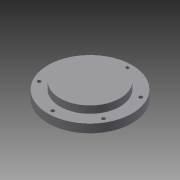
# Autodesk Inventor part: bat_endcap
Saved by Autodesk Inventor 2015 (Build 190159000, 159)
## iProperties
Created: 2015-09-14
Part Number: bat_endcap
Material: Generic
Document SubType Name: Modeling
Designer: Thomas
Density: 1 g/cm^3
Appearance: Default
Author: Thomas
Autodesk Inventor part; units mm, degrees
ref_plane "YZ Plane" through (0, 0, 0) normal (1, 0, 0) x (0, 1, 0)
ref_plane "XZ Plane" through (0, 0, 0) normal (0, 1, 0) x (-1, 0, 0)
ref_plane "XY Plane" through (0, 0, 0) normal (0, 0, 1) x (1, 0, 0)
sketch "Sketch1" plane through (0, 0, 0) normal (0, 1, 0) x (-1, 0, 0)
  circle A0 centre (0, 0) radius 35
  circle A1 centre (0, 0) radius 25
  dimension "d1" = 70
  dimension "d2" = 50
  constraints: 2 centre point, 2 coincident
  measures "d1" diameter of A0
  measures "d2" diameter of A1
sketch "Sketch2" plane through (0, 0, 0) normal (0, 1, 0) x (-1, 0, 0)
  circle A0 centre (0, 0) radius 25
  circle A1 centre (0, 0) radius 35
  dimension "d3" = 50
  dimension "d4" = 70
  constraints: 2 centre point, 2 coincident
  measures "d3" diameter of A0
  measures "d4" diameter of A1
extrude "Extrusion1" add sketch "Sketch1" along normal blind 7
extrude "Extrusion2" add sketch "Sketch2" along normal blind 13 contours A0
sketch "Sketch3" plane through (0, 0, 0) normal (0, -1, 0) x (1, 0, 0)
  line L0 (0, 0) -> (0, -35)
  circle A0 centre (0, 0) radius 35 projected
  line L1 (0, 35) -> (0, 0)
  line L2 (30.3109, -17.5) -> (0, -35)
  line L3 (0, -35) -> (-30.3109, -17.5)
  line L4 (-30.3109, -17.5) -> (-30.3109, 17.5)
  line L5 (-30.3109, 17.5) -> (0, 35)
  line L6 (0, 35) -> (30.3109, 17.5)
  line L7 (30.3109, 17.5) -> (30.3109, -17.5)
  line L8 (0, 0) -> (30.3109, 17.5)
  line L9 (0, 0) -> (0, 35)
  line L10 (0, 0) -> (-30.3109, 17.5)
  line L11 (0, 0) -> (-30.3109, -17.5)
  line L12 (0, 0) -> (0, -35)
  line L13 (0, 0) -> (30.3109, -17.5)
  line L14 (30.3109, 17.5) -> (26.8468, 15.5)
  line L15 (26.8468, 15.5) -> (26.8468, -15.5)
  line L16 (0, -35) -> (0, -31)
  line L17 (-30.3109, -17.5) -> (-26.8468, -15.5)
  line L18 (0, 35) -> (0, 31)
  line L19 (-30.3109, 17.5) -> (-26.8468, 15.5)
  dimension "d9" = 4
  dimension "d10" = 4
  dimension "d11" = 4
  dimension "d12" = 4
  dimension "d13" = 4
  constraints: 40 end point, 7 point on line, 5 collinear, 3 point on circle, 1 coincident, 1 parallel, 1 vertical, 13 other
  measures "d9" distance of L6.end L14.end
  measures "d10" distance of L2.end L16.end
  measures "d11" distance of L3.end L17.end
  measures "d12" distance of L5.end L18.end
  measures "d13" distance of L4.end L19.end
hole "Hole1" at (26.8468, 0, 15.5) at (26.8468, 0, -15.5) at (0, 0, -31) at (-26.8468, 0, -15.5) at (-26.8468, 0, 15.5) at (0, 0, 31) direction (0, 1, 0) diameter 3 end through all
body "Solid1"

************

**BRIEF:**
Nothing but the lines from the first line of the data through the line with "line L19 (-30.3109, 17.5)" belongs in the answer, copied exactly and without pictures.

**EXERCISE RESPONSE:**
# Autodesk Inventor part: bat_endcap
Saved by Autodesk Inventor 2015 (Build 190159000, 159)
## iProperties
Created: 2015-09-14
Part Number: bat_endcap
Material: Generic
Document SubType Name: Modeling
Designer: Thomas
Density: 1 g/cm^3
Appearance: Default
Author: Thomas
Autodesk Inventor part; units mm, degrees
ref_plane "YZ Plane" through (0, 0, 0) normal (1, 0, 0) x (0, 1, 0)
ref_plane "XZ Plane" through (0, 0, 0) normal (0, 1, 0) x (-1, 0, 0)
ref_plane "XY Plane" through (0, 0, 0) normal (0, 0, 1) x (1, 0, 0)
sketch "Sketch1" plane through (0, 0, 0) normal (0, 1, 0) x (-1, 0, 0)
  circle A0 centre (0, 0) radius 35
  circle A1 centre (0, 0) radius 25
  dimension "d1" = 70
  dimension "d2" = 50
  constraints: 2 centre point, 2 coincident
  measures "d1" diameter of A0
  measures "d2" diameter of A1
sketch "Sketch2" plane through (0, 0, 0) normal (0, 1, 0) x (-1, 0, 0)
  circle A0 centre (0, 0) radius 25
  circle A1 centre (0, 0) radius 35
  dimension "d3" = 50
  dimension "d4" = 70
  constraints: 2 centre point, 2 coincident
  measures "d3" diameter of A0
  measures "d4" diameter of A1
extrude "Extrusion1" add sketch "Sketch1" along normal blind 7
extrude "Extrusion2" add sketch "Sketch2" along normal blind 13 contours A0
sketch "Sketch3" plane through (0, 0, 0) normal (0, -1, 0) x (1, 0, 0)
  line L0 (0, 0) -> (0, -35)
  circle A0 centre (0, 0) radius 35 projected
  line L1 (0, 35) -> (0, 0)
  line L2 (30.3109, -17.5) -> (0, -35)
  line L3 (0, -35) -> (-30.3109, -17.5)
  line L4 (-30.3109, -17.5) -> (-30.3109, 17.5)
  line L5 (-30.3109, 17.5) -> (0, 35)
  line L6 (0, 35) -> (30.3109, 17.5)
  line L7 (30.3109, 17.5) -> (30.3109, -17.5)
  line L8 (0, 0) -> (30.3109, 17.5)
  line L9 (0, 0) -> (0, 35)
  line L10 (0, 0) -> (-30.3109, 17.5)
  line L11 (0, 0) -> (-30.3109, -17.5)
  line L12 (0, 0) -> (0, -35)
  line L13 (0, 0) -> (30.3109, -17.5)
  line L14 (30.3109, 17.5) -> (26.8468, 15.5)
  line L15 (26.8468, 15.5) -> (26.8468, -15.5)
  line L16 (0, -35) -> (0, -31)
  line L17 (-30.3109, -17.5) -> (-26.8468, -15.5)
  line L18 (0, 35) -> (0, 31)
  line L19 (-30.3109, 17.5) -> (-26.8468, 15.5)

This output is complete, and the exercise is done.